(Dataset records)
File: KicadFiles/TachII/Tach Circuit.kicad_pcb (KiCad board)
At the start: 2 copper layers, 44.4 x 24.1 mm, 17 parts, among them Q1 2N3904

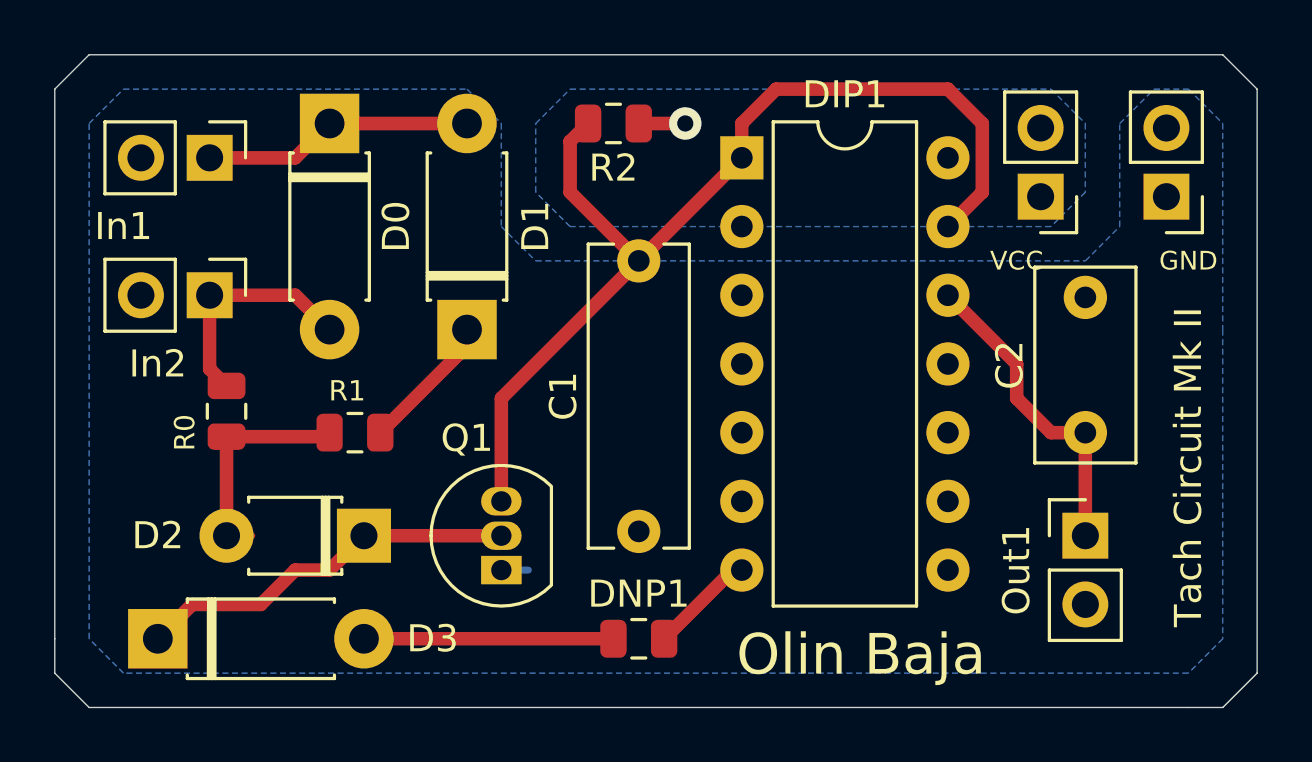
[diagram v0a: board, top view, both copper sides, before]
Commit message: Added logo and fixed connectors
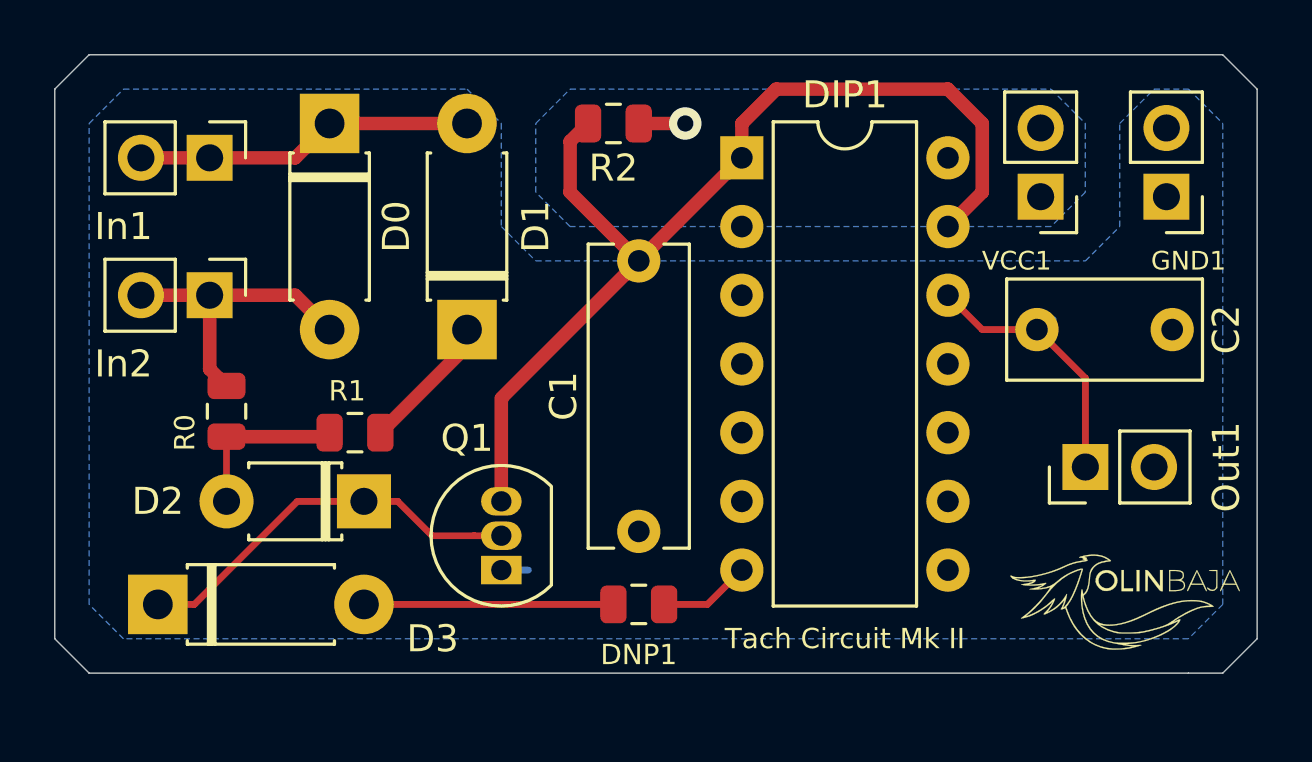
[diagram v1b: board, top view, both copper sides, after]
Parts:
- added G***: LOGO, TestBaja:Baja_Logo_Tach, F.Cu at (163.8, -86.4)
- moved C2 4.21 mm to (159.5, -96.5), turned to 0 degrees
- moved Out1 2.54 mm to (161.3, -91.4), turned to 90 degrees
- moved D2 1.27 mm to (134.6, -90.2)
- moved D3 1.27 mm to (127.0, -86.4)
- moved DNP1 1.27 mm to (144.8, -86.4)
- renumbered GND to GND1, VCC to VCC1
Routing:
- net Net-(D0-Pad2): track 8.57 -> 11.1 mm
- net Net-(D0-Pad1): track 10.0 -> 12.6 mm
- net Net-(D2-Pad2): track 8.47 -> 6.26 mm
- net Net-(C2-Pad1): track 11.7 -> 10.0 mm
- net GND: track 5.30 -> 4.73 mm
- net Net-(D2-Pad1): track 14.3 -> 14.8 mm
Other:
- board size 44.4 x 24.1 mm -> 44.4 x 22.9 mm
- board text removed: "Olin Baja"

Problem description -
Across all the entries above, count each line that has the word "copper" in it, and give only the count.

Task answer -
3